File metadata and controls

96 lines (88 loc) · 8.55 KB

CRX-Active-Learning

Deep learning model for the regulatory grammar of CRX-dependent enhancers and silencers and code to reproduce analyses related to the manuscript.

Folder organization

  • Data
    • activity_summary_stats_and_metadata.txt: The final, processed activity scores for every sequence measured across all libraries, as well as summary statistics, annotations on how each sequence was created, and assignments to various rounds of learning.
    • modeling_splits.txt: A matrix used during classifier training to determine which data batches are "old" (existing training data) and the newly generated data.
    • processing_config.yml: Configuration file for how the counts data should be processed into activity scores.
    • Downloaded
      • eLifeMotifs.meme: The 8 PWMs used in Friedman et al., 2021.
      • The processing script also expects data from Shepherdson et al., 2023 as retinopathy_data.parquet and retinopathy_metadata.txt. The Parquet file has been provided here but can be regenerated from the repo for that publication.
      • K562: Contains supplementary data from Agarwal et al., 2023.
    • Measurements
      • All raw barcode counts are in subdirectories called <Library name>/Samples/. Each sample has a .counts file. The directory structure gets filled with intermediates during data processing.
      • joined_qc_metrics.txt: Supplementary Table 5.
    • Sequences
      • BarcodeMapping: files associating barcodes with library members for each assayed library.
      • Fasta: FASTA files with the contents of each assayed library and subsets relevant for modeling.
    • Swaps: Supplementary Tables 6-8.
  • Figures: All figures generated by Jupyter notebooks get output here.
  • RegressionModel/best_model.pth.tar: The parameters for our final regression model.
  • src
    • Scripts for processing the data, training machine learning models, and performing Global Importance Analysis.

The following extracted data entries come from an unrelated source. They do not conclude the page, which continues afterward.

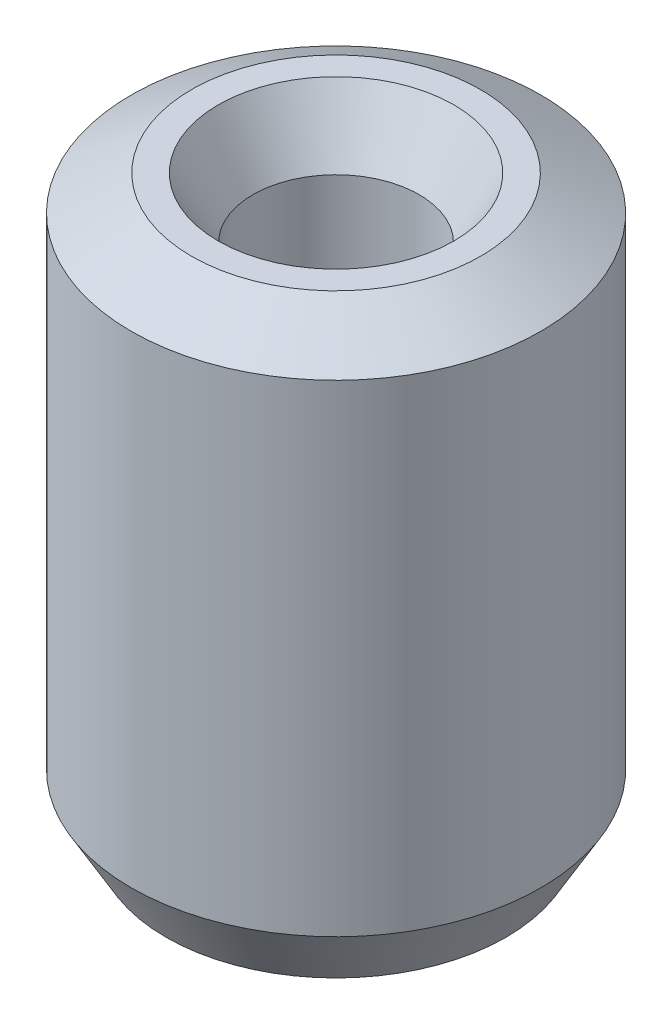
SolidWorks part; units mm, degrees
ref_plane "Front Plane" through (0, 0, 0) normal (0, 0, 1) x (1, 0, 0)
ref_plane "Top Plane" through (0, 0, 0) normal (0, 1, 0) x (1, 0, 0)
ref_plane "Right Plane" through (0, 0, 0) normal (1, 0, 0) x (0, 0, -1)
sketch "Sketch1" plane through (0, 0, 0) normal (0, 1, 0) x (1, 0, 0)
  circle A0 centre (0, 0) radius 17.5
  dimension "SLEEVE_OD" = 35
extrude "Boss-Extrude1" add sketch "Sketch1" along normal blind 49.3151
sketch "Sketch2" plane through (0, 0, 0) normal (0, 1, 0) x (1, 0, 0)
  circle A0 centre (0, 0) radius 7.101
  dimension "BORE_D" = 14.202
extrude "Cut-Extrude1" cut sketch "Sketch2" along normal through all
chamfer "Chamfer1" distance 2.9754 angle 60 4 edges at (0, 49.3151, 7.101) (0, 0, 7.101) (0, 0, 17.5) (0, 49.3151, 17.5) first distance on face at (0, 49.3151, 7.101) first distance on face at (0, 0, 7.101) first distance on face at (0, 49.3151, 17.5)
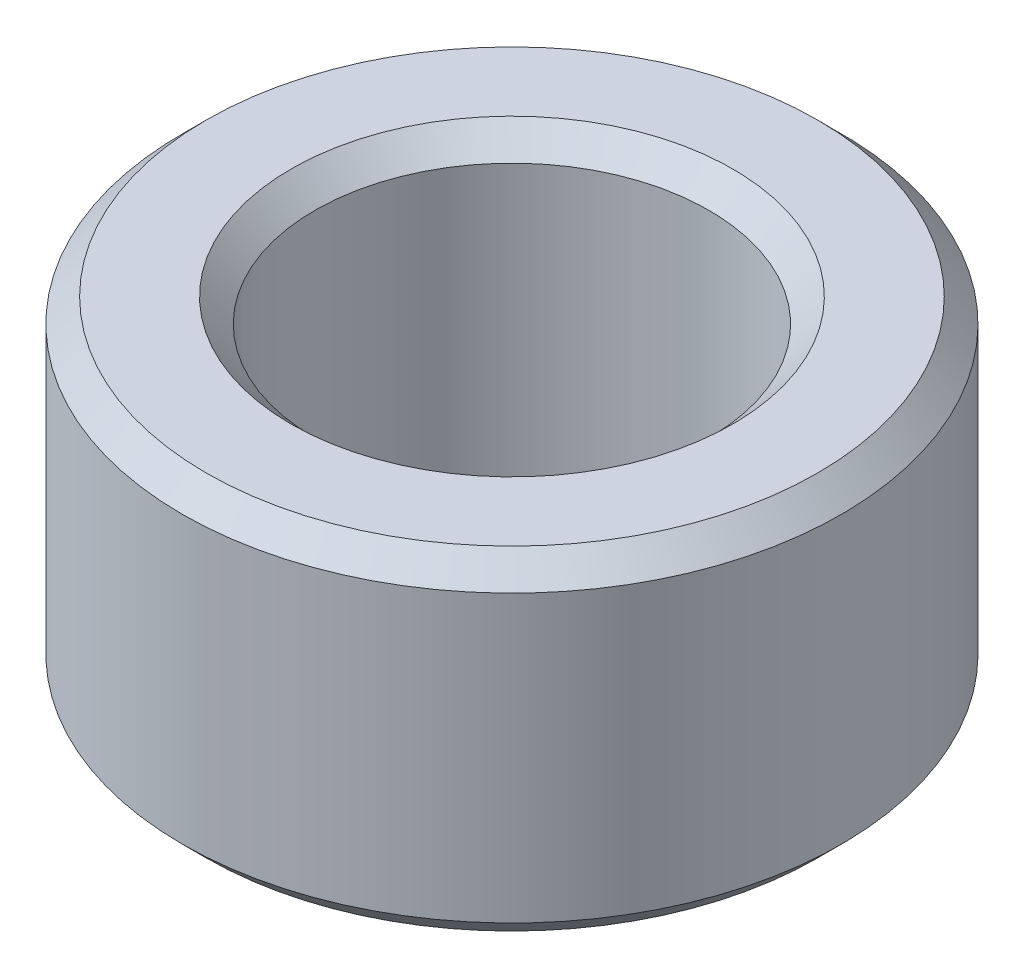
SolidWorks part; units mm, degrees
ref_plane "Front Plane" through (0, 0, 0) normal (0, 0, 1) x (1, 0, 0)
ref_plane "Top Plane" through (0, 0, 0) normal (0, 1, 0) x (1, 0, 0)
ref_plane "Right Plane" through (0, 0, 0) normal (1, 0, 0) x (0, 0, -1)
sketch "Sketch1" plane through (0, 0, 0) normal (0, 1, 0) x (1, 0, 0)
  circle A0 centre (0, 0) radius 42.5
  dimension "SLEEVE_OD" = 85
extrude "Boss-Extrude1" add sketch "Sketch1" along normal blind 42.9916
sketch "Sketch2" plane through (0, 0, 0) normal (0, 1, 0) x (1, 0, 0)
  circle A0 centre (0, 0) radius 25.4116
  dimension "BORE_D" = 50.8232
extrude "Cut-Extrude1" cut sketch "Sketch2" along normal through all
chamfer "Chamfer1" distance 3.0768 angle 45 4 edges at (0, 42.9916, 25.4116) (0, 0, 25.4116) (0, 0, 42.5) (0, 42.9916, 42.5)

Detailed below.
    • mpra_tools: Various helper functions for processing, transforming, and visualizing data. With a little bit of work, this could become a standalone package.
    • selene_files
      • enhancer_model.py: The architecture of our CNN classifier.
      • enhancer_resnet_regression.py: The architecture of our final CNN regression model.
      • metrics.py: Wrapper functions to evaluation criteria.
  • Jupyter notebooks are detailed below and are used to generate figures.

Reproducing the results

1. Setup the environment

All scripts and notebooks were run on a cluster managed by SLURM.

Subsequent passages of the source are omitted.